Forscher-ABC

wie Doktor
Berlin.Einen Doktor kennt jeder. Da muss man schließlich hin, wenn man krank ist oder etwas wehtut. Es gibt aber auch Doktoren, die haben überhaupt keine Ahnung von Krankheiten und von Medizin. Zum Beispiel ein Doktor der Musikwissenschaft. Oder ein Doktor der Mathematik. Solche Doktoren haben dafür viel Ahnung von Musikwissenschaft. Oder eben von Mathematik.
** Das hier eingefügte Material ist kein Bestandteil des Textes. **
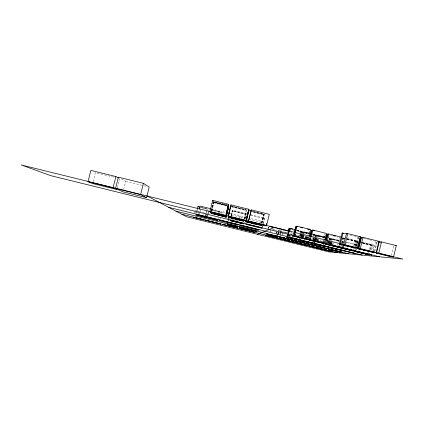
<?xml version="1.0" encoding="UTF-8"?>
<svg xmlns="http://www.w3.org/2000/svg" width="424" height="424" viewBox="0 0 424 424"><rect width="100%" height="100%" fill="white"/><g stroke="black" fill="none" stroke-linecap="round" stroke-linejoin="round"><path stroke-width="0.32" stroke-dasharray="2.12 1.59" d="M229.972 213.463L240.185 215.98L240.026 217.035L229.241 214.374M245.941 217.395L242.104 216.452L241.828 217.65L245.613 218.583M368.292 253.425L368.604 252.153M369.219 249.598L370.306 245.13L371.207 245.146L369.961 250.287M370.401 249.985L371.572 245.157L372.489 245.173L371.313 250.033M371.678 250.054L372.86 245.178L374.27 245.199L372.929 250.743M373.449 250.637L375.696 241.341L373.83 240.88M374.376 251.321L376.644 241.95M374.811 251.347L377.084 241.95M391.373 255.534L393.636 246.164M306.404 238.028L306.875 236.099M307.146 238.134L309.032 230.428M307.607 238.182L307.904 236.968M308.794 233.333L309.536 230.301M307.803 238.171L308.1 236.952M308.126 238.452L308.439 237.164M308.539 238.124L308.842 236.894M309.451 238.023L309.764 236.735M309.918 238.108L310.214 236.899M310.119 238.097L310.416 236.883M310.58 239.279L311.031 237.435M312.605 238.913L313.076 236.989M313.235 236.348L313.548 235.066L313.999 235.018L313.707 236.216M312.833 239.809L313.559 236.815M313.013 239.804L313.744 236.804M313.887 236.2L314.184 235.002L314.645 234.954L314.348 236.163M312.875 242.199L313.315 240.392M313.463 239.788L314.2 236.767M313.055 242.199L313.5 240.382M313.649 239.777L314.385 236.751M314.534 236.147L314.831 234.938L315.536 234.864L315.239 236.089M314.343 239.751L314.64 238.532M314.529 239.746L315.127 237.297M315.276 236.682L315.726 234.848L316.447 234.774L315.997 236.629M314.846 239.671L315.43 237.276M315.578 236.677L315.869 235.479L324.588 237.631M314.295 242.666L314.735 240.864M314.884 240.265L315.615 237.265M315.763 236.666L316.055 235.463L316.527 235.421L324.795 237.392M314.486 242.804L314.937 240.954M315.09 240.334L315.843 237.244M314.756 242.666L315.202 240.853M315.35 240.249L316.087 237.233M316.23 236.629L316.527 235.421M314.947 242.666L315.387 240.848M315.536 240.244L316.272 237.217M316.421 236.613L316.717 235.405L317.438 235.336L324.964 237.191M316.06 239.958L316.368 238.686M316.246 240.223L317.438 235.336M316.436 240.217L317.634 235.32L324.715 236.815M317.014 240.811L317.772 237.721M317.921 237.106L318.371 235.251M317.327 240.392L317.634 239.125M317.762 240.376L318.074 239.104M318.36 240.477L318.673 239.2M320.067 240.896L320.38 239.624M322.722 241.977L324.757 233.619M323.289 242.051L323.581 240.837M324.175 238.41L325.208 234.165M323.523 242.051L323.819 240.832M324.71 237.18L325.452 234.143M323.13 244.229L324.069 240.376M323.459 244.971L324.042 242.576M324.19 241.977L324.482 240.779M324.424 242.04L324.726 240.811M324.869 242.507L325.341 240.578M325.452 242.586L325.749 241.373M325.696 242.586L325.992 241.367M326.618 242.581L326.915 241.351M326.74 242.554L327.031 241.351M326.856 242.528L327.169 241.256M327.275 242.554L327.567 241.346M327.487 242.549L327.779 241.245M328.563 238.039L329.183 235.474M327.916 243L328.224 241.733M328.16 243.159L328.754 240.715M328.902 240.106L329.353 238.272L328.521 238.315M328.377 243.159L328.976 240.71M329.125 240.101L329.575 238.262L330.423 238.219L329.967 240.074M328.611 243.016L329.199 240.615M329.342 240.011L329.639 238.813L330.19 238.786L339.497 241.081M329.156 243.016L329.75 240.599M329.893 239.995L330.19 238.786M329.066 243.784L329.819 240.694M329.231 243.625L329.967 240.594M330.116 239.989L330.413 238.781L331.255 238.744L339.417 240.753M329.459 244.054L329.92 242.152M329.957 244.06L330.423 242.146M330.068 243.63L330.662 241.187M330.81 240.578L331.255 238.744M330.291 243.63L330.89 241.182M331.038 240.572L331.483 238.733L332.347 238.696L339.333 240.419M330.736 243.53L331.049 242.252M331.022 243.933L331.748 241.166M331.897 240.551L332.347 238.696M331.504 243.535L331.817 242.247M331.526 243.938L331.833 242.676M332.289 244.59L332.755 242.676M333.068 244.606L333.54 242.671M337.509 245.157L338.129 242.608M338.283 241.972L339.37 237.509L340.064 237.477L338.972 241.966M339.264 245.931L339.56 244.717M341.871 240.562L342.497 237.991L344.447 238.262M340.801 246.53L341.097 245.321M341.686 242.904L341.977 241.696M341.05 246.54L341.638 244.113M341.786 243.508L342.226 241.691L343.18 241.68L342.735 243.514M341.887 243.424L343.217 237.959M342.179 243.424L343.509 237.944L344.617 237.896L343.869 240.97M342.99 243.519L343.435 241.68L341.548 241.214M342.375 247.123L342.671 245.888M343.27 243.429L343.721 241.585M342.74 247.213L343.053 245.941M342.968 247.224L343.281 245.947M343.058 247.234L343.355 246M344.988 247.711L345.29 246.471M346.037 243.381L346.339 242.146L356.939 244.759M353.743 245.782L354.83 241.32L355.625 241.309L354.538 245.803M353.6 249.651L353.913 248.369M353.918 249.672L354.544 247.097M354.697 246.455L355.948 241.304L356.764 241.293L355.582 246.153M355.397 246.185L357.655 236.894M355.667 246.72L356.112 244.887L357.082 244.902M355.879 246.307L357.093 241.293L358.338 241.277L356.992 246.816M356.335 246.212L358.609 236.852M355.747 250.181L356.059 248.899M356.685 246.333L358.842 237.456M356.07 250.202L356.695 247.627M356.854 246.985L358.105 241.834M259.822 223.432L260.129 222.165L261.285 221.18L250.414 218.498M260.829 223.024L261.285 221.18M261.529 223.003L263.765 214.539L251.803 211.597M261.719 222.854L263.765 214.539M261.64 223.432L264.062 214.237L251.973 211.258M261.809 223.39L264.147 214.147L252.02 211.163M262.191 223.103L264.475 213.813M262.202 226.988L262.838 224.418M262.991 223.771L264.258 218.63L264.74 218.217L249.672 214.507M262.631 226.798L263.235 224.344M263.384 223.734L264.74 218.217M268.148 228.366L268.456 227.105M268.318 228.287L268.625 227.02M268.387 228.255L268.699 226.988M268.556 228.181L268.869 226.904M269.977 231.864L270.289 230.587M270.157 231.806L270.475 230.524M276.199 233.354L276.501 232.114M276.39 233.306L276.771 232.039M276.66 233.242L276.967 231.992M276.74 233.227L277.047 231.97M277.259 235.585L277.715 233.725M277.455 235.553L277.916 233.682M277.534 235.537L278.494 231.584M278.648 230.953L278.955 229.697M278.197 233.624L278.722 231.525M278.875 230.889L279.183 229.628M278.186 234.037L278.812 231.499M278.966 230.868L279.278 229.596M278.414 233.99L279.04 231.44M279.92 233.847L280.386 231.949M280.54 231.313L280.852 230.052M280.153 233.799L281.091 229.983M280.635 234.499L281.266 231.944M280.402 236.38L281.822 230.598M282.373 234.302L283.311 230.481M282.591 234.875L283.539 231.022M286.921 235.914L288.023 231.419M287.202 236.067L287.785 233.566M287.933 232.967L288.225 231.769M287.318 235.951L287.907 233.544M288.055 232.946L288.346 231.743M287.446 236.036L287.753 234.79M287.546 236.025L288.066 234.096M288.214 233.492L288.511 232.283M287.742 235.892L288.188 234.075M288.336 233.47L288.633 232.257M288.05 235.855L288.5 234.022M288.649 233.412L288.945 232.193M288.177 235.834L288.622 234M288.776 233.391L289.073 232.167M288.649 235.776L289.555 232.071M288.972 236.412L289.274 235.166M289.073 236.401L289.38 235.15M289.327 236.369L289.634 235.113M289.433 236.359L289.74 235.097M290.482 236.449L291.569 232.023M290.774 236.417L291.707 232.601M292.173 236.868L293.101 233.073M292.47 236.836L292.942 234.928M293.095 234.292L293.408 233.02M293.641 234.377L293.954 233.105M293.737 234.827L294.208 232.898M293.323 237.525L293.795 235.596M293.949 234.954L294.42 233.025M294.108 234.854L294.553 233.036M294.261 234.832L294.707 233.009M294.86 234.748L295.162 233.523M295.189 235.437L295.661 233.523M295.666 235.378L296.137 233.449M299.625 235.85L300.213 233.449M300.362 232.85L300.653 231.652L296.959 230.741M299.773 235.834L300.362 233.428M300.51 232.829L300.807 231.626L301.188 231.557L300.007 236.401M299.413 238.818L299.858 237.005M299.561 238.813L300.007 236.989M300.155 236.385L301.342 231.531L301.734 231.462L300.536 236.348M300.69 236.332L301.888 231.435L302.487 231.334L302.031 233.184M300.219 239.253L300.69 237.334M300.849 236.693L301.946 232.204L308.471 233.656M301.279 236.274L301.883 233.804M301.305 236.332L301.893 233.937M302.036 233.338L302.333 232.145M301.459 236.316L302.047 233.916M302.19 233.317L302.487 232.119L302.879 232.055L308.624 233.407M301.697 236.883L302.434 233.868M302.582 233.264L302.879 232.055M301.851 236.868L303.038 232.029L308.646 233.168M302.439 236.815L303.038 234.377M303.186 233.762L303.637 231.933M302.598 236.804L303.197 234.355M303.351 233.741L303.796 231.907L304.411 231.806L308.847 232.903M303.202 236.746L303.807 234.276M303.955 233.661L304.411 231.806M303.361 236.947L303.828 235.044M303.722 236.915L304.188 235.002M304.437 239.894L304.898 237.997M305.057 237.361L305.365 236.094M304.803 239.878L305.269 237.97M305.423 237.334L305.736 236.062M305.996 237.424L306.308 236.152M205.264 215.726L205.571 214.48M205.407 215.869L207.145 208.852L207.479 209.244L200.197 207.447M205.916 215.546L206.382 213.654M206.541 213.023L207.166 210.505M206.356 215.715L206.668 214.454M207.251 216.325L208.99 209.308L209.297 209.689M207.733 215.996L208.205 214.104M208.359 213.473L208.984 210.951M210.993 210.68L213.272 201.485L227.328 204.946M211.067 210.781L213.341 201.612L227.359 205.062M211.285 210.919L213.341 201.612M211.359 211.014L213.579 202.052L227.45 205.465M211.544 211.253L213.579 202.052M211.777 210.717L213.818 202.481L226.914 205.704M211.958 210.956L213.818 202.481M218.667 212.631L219.123 210.786L211.475 208.899M218.005 218.98L218.281 217.644M219.425 213.235L219.706 211.889L219.123 210.786M220.581 213.102L221.037 211.258L225.504 212.36M219.892 219.5L220.21 218.222M221.312 213.77L221.625 212.498L221.037 211.258M228.011 220.888L228.637 218.344M228.027 220.931L228.653 218.397M230.995 215.747L232.357 210.24L246.238 213.659L244.876 219.171M231.213 215.509L232.357 210.24M231.409 215.97L232.675 210.829L246.074 214.131L244.807 219.272M231.61 215.599L232.675 210.829M239.73 217.825L240.185 215.98M241.648 218.296L242.104 216.452M244.129 218.715L246.238 210.225L231.149 206.509M244.033 219.171L246.503 209.387L246.381 209.774L231.721 206.165M194.547 212.8L195.019 210.908M195.141 213.23L195.448 211.984M196.36 212.959L197.308 209.133M196.81 213.299L197.282 211.412M197.436 210.781L197.748 209.52M198.172 213.447L199.084 209.758M199.497 214.364L200.128 211.809M200.287 211.168L200.923 208.613M117.342 187.731L119.632 178.621M123.691 189.353L125.721 181.26L121.195 178.737M93.121 181.758L95.416 172.658L115.169 177.524M246.074 214.131L245.973 214.417L232.712 211.147M246.238 213.659L246.1 214.051L232.405 210.68M267.539 228.441L267.984 228.239M300.653 231.652L296.604 230.81M315.869 235.479L315.403 235.521L324.074 237.663M310.331 238.998L310.691 238.977M322.759 242.115L332.554 244.33M323.554 242.109L333.301 244.351M357.776 241.839L356.96 241.844L358.232 242.157M350.192 235.06L353.923 235.977M354.544 236.131L356.409 236.592M363.877 238.426L368.854 239.655M369.474 239.804L373.21 240.726M231.096 206.122L246.349 209.875L231.764 206.557M213.511 201.925L227.423 205.349M250.589 211.189L263.85 214.454M213.749 202.359L226.888 205.592M231.811 206.939L246.164 210.468M249.81 211.369L263.558 214.756M213.982 202.778L226.983 205.979M125.721 181.26L146.031 186.263M347.113 238.511L358.338 241.277M361.158 241.972L374.27 245.199M343.509 237.944L344.744 238.251M347.214 238.855L357.093 241.293M362.356 242.586L372.86 245.178M346.911 238.866L356.764 241.293M362.626 242.74L372.489 245.173M250.775 215.307L264.258 218.63M342.497 237.991L344.415 238.463M346.98 239.094L355.948 241.304M362.594 242.941L371.572 245.157M342.21 238.002L344.765 238.633M347.32 239.263L355.625 241.309M362.25 242.941L371.207 245.146M330.598 235.352L333.105 235.967M333.73 236.12L338.119 237.202M342.136 238.193L344.675 238.818M347.214 239.443L354.83 241.32M362.679 243.254L370.306 245.13M296.789 229.93L302.487 231.334M312.647 233.841L316.447 234.774M328.521 237.753L330.423 238.219M341.871 241.044L343.138 241.357M296.874 230.2L301.888 231.435M303.796 231.907L308.82 233.147M312.583 234.075L315.726 234.848M317.634 235.32L325.176 237.175M328.319 237.954L329.575 238.262M331.483 238.733L339.036 240.594M296.726 230.232L301.734 231.462M312.403 234.096L315.536 234.864M341.924 241.373L343.18 241.68M346.869 242.608L356.112 244.887M296.842 230.486L301.342 231.531M312.785 234.499L314.831 234.938M297.102 230.714L300.807 231.626M302.487 232.119L308.64 233.635M312.949 234.7L314.184 235.002M316.055 235.463L324.063 237.44M329.639 238.813L339.507 241.245M312.769 234.716L313.999 235.018M201.241 207.336L208.242 209.064M211.428 209.848L219.706 211.889M292.322 229.755L294.161 230.206M301.946 232.204L308.661 233.863M200.393 207.188L206.53 208.703M210.256 209.62L219.743 211.958L219.929 212.313L209.922 209.843M221.625 212.498L225.43 213.436M246.243 218.742L248.141 219.208M248.771 219.362L260.129 222.165M195.173 210.278L205.444 212.811L205.879 213.24M206.981 213.193L210.193 213.982M227.158 218.169L231.016 219.118M231.663 219.277L235.521 220.231M236.163 220.39L238.092 220.867M244.017 222.324L245.252 222.632M253.287 224.614L255.142 225.07M272.213 229.283L277.052 230.476M288.283 233.248L278.897 231.091L280.815 231.568M290.44 233.778L298.92 235.871M301.681 236.55L308.349 238.198M308.958 238.346L311.38 238.945L304.925 237.557M312.933 239.327L322.637 241.722M273.517 229.766L276.718 230.555M281.457 231.727L287.228 233.147M290.689 234L291.972 234.318M295.178 235.108L298.385 235.898M301.724 236.767L304.416 237.387M314.794 239.989L319.442 241.097M320.083 241.256L322.012 241.728M228.541 218.8L231.085 219.425M284.334 232.585L286.884 233.211"/><path stroke-width="0.64" d="M247.711 229.543L239.417 227.577L239.555 226.973L256.674 231.202L256.027 231.562L239.443 227.471M357.437 248.66L360.14 237.509L361.116 237.467L358.386 248.703L357.437 248.66L374.074 252.572L358.386 248.703M357.692 248.167L360.458 236.762L347.738 233.629L346.424 233.735L343.684 245.003L357.692 248.167L343.684 245.003M358.773 248.724L361.508 237.451L363.008 237.387L378.924 241.304L376.162 252.72L358.773 248.724L376.162 252.72M360.236 248.793L363.008 237.387M369.23 254.813L370.136 254.898L355.757 251.49L369.23 254.813L369.521 253.605M376.475 253.181L379.194 241.945L381.473 241.934L396.302 245.581L393.546 257.008L391.076 256.785L376.475 253.181L378.712 253.351L393.546 257.008M378.712 253.351L381.473 241.934M308.99 236.279L310.644 229.527L296.964 226.156L296.344 226.326L294.86 232.4M308.979 239.947L322.993 243.265L308.979 239.947L309.292 238.664M309.923 236.094L311.333 230.312L311.841 230.227L310.363 236.29M310.564 236.274L312.048 230.195L312.833 230.062L326.522 233.439L324.874 240.196M311.179 236.82L312.833 230.062M325.494 239.936L326.904 234.149L327.524 234.09L326.045 240.159M326.289 240.148L327.768 234.069L328.717 233.979L341.797 237.202M327.068 240.737L328.717 233.979M337.997 247.107L338.686 247.139L324.556 243.789L337.997 247.107L338.31 245.819M339.407 244.213L355.879 248.088L339.407 244.213L342.115 233.068L346.705 233.921M339.179 247.595L353.287 250.939L339.179 247.595L339.486 246.318M340.212 244.224L342.947 232.993M344.966 245.03L347.738 233.629M266.028 225.944L266.505 225.679L269.298 214.316L251.363 209.901L248.369 221.593L266.028 225.944L266.638 223.459M288.182 230.778L288.961 228.769L288.373 231.17M288.495 231.138L289.083 228.737L289.401 228.653L288.808 231.069M288.93 231.043L289.523 228.621L289.846 228.536L289.099 231.584M289.226 231.557L289.974 228.499L295.523 229.617M289.703 231.456L290.461 228.372M294.362 232.257L295.777 226.48L297.468 226.686M294.701 232.426L296.18 226.368M295.311 232.909L296.964 226.156M228.409 204.251L225.727 215.911L210.156 212.069L209.848 211.703L212.657 200.372L228.409 204.251L225.875 216.304L210.537 212.519L210.235 212.164L225.759 215.996M225.875 216.304L228.52 204.824M225.907 216.388L228.631 205.375L225.987 216.59L210.611 212.615L226.093 216.865L210.882 212.938M226.019 216.669L228.711 205.773L226.093 216.865M226.125 216.945L228.785 206.165L226.199 217.136L211.147 213.251L226.199 217.136M228.128 216.214L230.932 204.872L248.84 209.281L245.883 220.978L228.25 216.627L228.128 216.214L246.042 220.628M228.25 216.627L230.857 206.08M243.668 220.787L228.361 217.008L228.732 214.857M229.04 213.617L229.956 209.907M228.361 217.008L228.817 215.175M239.417 227.577L239.724 226.347M245.883 220.978L248.84 209.281M261.089 225.409L245.904 221.842L248.655 210.818M251.459 210.611L248.978 209.997L246.116 221.392L261.438 225.171L261.735 224.964L246.233 221.137L245.904 221.842M248.369 221.593L251.363 209.901M197.308 209.133L197.939 206.583L199.784 207.039M199.238 209.143L200.001 206.075L210.839 208.746M113.033 187.832L115.863 176.543L90.868 170.39L88.028 181.663L92.665 183.576L116.886 189.554L113.033 187.832L88.028 181.663M115.535 188.447L118.37 177.158L143.413 183.327L149.206 187.048L146.556 197.642L123.066 191.844L115.535 188.447L140.583 194.627L146.556 197.642M140.583 194.627L143.413 183.327M248.697 210.723L245.978 221.683L261.359 225.224L246.084 221.455M248.83 210.378L248.978 209.997M257.363 234.255L274.461 227.402M282.135 229.315L269.653 226.421M283.471 229.84L283.852 229.739M269.346 234.419L280.248 237.021L266.754 234.027L277.259 236.619L266.919 233.979M277.789 236.539L266.982 233.958M277.201 238.002L287.186 240.355L276.649 238.065L286.375 240.397M287.875 237.058L300.372 239.973L287.446 237.106L299.641 240.005M286.714 240.382L276.846 238.044M359.483 236.809L360.458 236.762M288.002 240.768L298.427 243.132L288.352 240.758M300.431 240.519L313.447 243.413M300.966 240.498L314.338 243.424L301.703 240.472M377.8 241.314L378.924 241.304M297.441 243.127L287.658 240.784L297.855 243.132M311.953 243.403L299.906 240.535L312.578 243.408M299.09 243.508L309.679 245.915L299.514 243.514M314.004 243.869L327.264 246.826M314.65 243.874L328.314 246.874L315.541 243.89M395.046 245.56L396.302 245.581M323.168 246.169L313.368 243.858L326.241 246.779M308.513 245.862L298.671 243.503L309.006 245.883M310.686 246.27L320.942 248.692L310.008 246.238L320.162 248.639M328.346 247.256L342.306 250.324L329.395 247.309M339.921 250.155L327.588 247.219L341.097 250.239M321.869 249.031L332.209 251.474L321.085 248.973L331.329 251.395M330.142 249.63L329.644 249.598L340.721 252.243M379.194 241.945L380.461 242.258M342.115 233.068L343.361 233.375M296.344 226.326L297.574 226.628M300.653 227.386L302.498 227.842M307.421 229.055L309.88 229.66M312.048 230.195L314.513 230.799M333.322 235.437L335.172 235.892M226.782 212.673L229.336 213.304M309.478 233.057L310.744 233.37M289.974 228.499L292.481 229.119M209.848 211.703L225.605 215.593M248.565 221.254L266.505 225.679M281.245 229.347L287.854 230.921M271.344 226.967L273.21 227.428M228.276 216.712L243.758 220.528L243.503 221.249L228.467 217.364M243.641 220.851L228.388 217.088L243.583 221.021M379.671 256.796L50.652 175.621L21.2 164.947L402.8 259.053L328.42 251.803L186.655 216.791L147.266 196.036M243.715 223.718L230.02 220.337L229.935 220.03L243.821 223.459L243.62 223.962L230.354 220.687L243.694 223.771M168.741 207.352L362.176 255.094M217.692 220.252L195.883 214.873L205.444 217.438L205.089 217.146M176.002 211.179L348.48 253.759M227.227 224.063L237.827 226.681L227.243 224.105M237.811 226.845L227.312 224.254L227.153 223.914L237.843 226.554L237.779 227.116L229.527 225.08L229.426 224.81L237.806 226.877M229.479 224.948L237.79 227.036M181.848 214.258L337.467 252.688M265.996 235.262L275.664 237.62M265.795 235.315L275.393 237.657M115.863 176.543L118.556 178.027M199.179 215.641L197.865 214.677L216.993 219.394L217.899 220.512L206.933 217.597M197.939 206.583L198.374 206.997M212.657 200.372L212.933 200.87M230.932 204.872L231.011 205.46M237.668 228.128L222.229 224.317L237.668 228.128M238.06 224.598L237.981 225.314L219.579 220.772L218.906 219.871L238.06 224.598M239.21 228.51L254.67 232.326L239.21 228.51M239.979 225.07L239.799 225.875L258.105 230.396L259.159 229.803L239.979 225.07M246 223.994L245.835 224.312L261.889 228.271L262.329 228.022L246 223.994M266.272 235.193L265.652 235.347L275.134 237.689L275.95 237.583L266.272 235.193M279.374 236.974L289.995 239.597L279.374 236.974M281.96 237.445L281.594 237.488L292.692 240.095L281.96 237.445M293.811 236.062L293.419 236.11L307.31 239.396L293.811 236.062M294.563 235.977L293.964 236.046L308.243 239.353L294.563 235.977M286.905 237.164L286.608 237.202L298.597 240.053L286.905 237.164M287.324 237.122L287.022 237.154L299.116 240.032L287.324 237.122M291.691 240.016L291.399 240.032L302.323 242.639L291.691 240.016M294.41 240.519L293.943 240.535L305.148 243.169L294.41 240.519M310.432 239.894L309.674 239.92L324.127 243.27L310.432 239.894M304.024 243.063L303.664 243.058L314.661 245.687L304.024 243.063M306.865 243.593L306.298 243.588L317.613 246.249L306.865 243.593M326.316 243.811L325.399 243.8L340.027 247.192L326.316 243.811M326.999 244.452L326.39 244.441L337.721 247.097L326.999 244.452M316.362 246.106L315.938 246.09L327.01 248.734L316.362 246.106M309.865 246.233L309.515 246.217L319.399 248.586L309.865 246.233M319.336 246.673L318.668 246.641L330.095 249.328L319.336 246.673M340.854 247.674L340.149 247.637L354.4 251.013L340.854 247.674M342.221 247.738L341.14 247.685L355.948 251.119L342.221 247.738M328.711 249.158L328.224 249.121L341.5 252.312L328.711 249.158M320.926 248.962L320.518 248.936L330.46 251.321L320.926 248.962M331.817 249.752L331.049 249.699L342.581 252.413L331.817 249.752M344.235 250.801L342.942 250.706L355.46 253.573L344.235 250.801M355.439 251.469L354.639 251.411L368.869 254.782L355.439 251.469M358.148 251.665L356.902 251.575L371.885 255.052L358.148 251.665M203.721 219.749L193.45 217.21L204.183 220.077L203.721 219.749M220.681 223.936L205.264 220.125L220.851 224.142L220.681 223.936"/></g></svg>

Wer so ein Doktor werden will, muss erst einmal lange studieren. Und nach dem Abschluss des Studiums noch mehrere Jahre weiter forschen. Man sagt dazu auch: Promovieren. Forschen kann man zum Beispiel in einem Labor. Oder in der Bibliothek, wo man Bücher studiert. Beim Promovieren hilft den Studenten der "Doktorvater" oder die "Doktormutter". So nennt man die Betreuer der Universität.

Am Ende müssen die Promotions-Studenten meistens eine Doktor-Arbeit schreiben. Darin steht, was sie erforscht haben. Die Arbeit wird von mehreren Prüfern genau durchgelesen: Ist auch alles richtig? Hat der Kandidat etwas Neues herausgefunden? So etwas zum Beispiel.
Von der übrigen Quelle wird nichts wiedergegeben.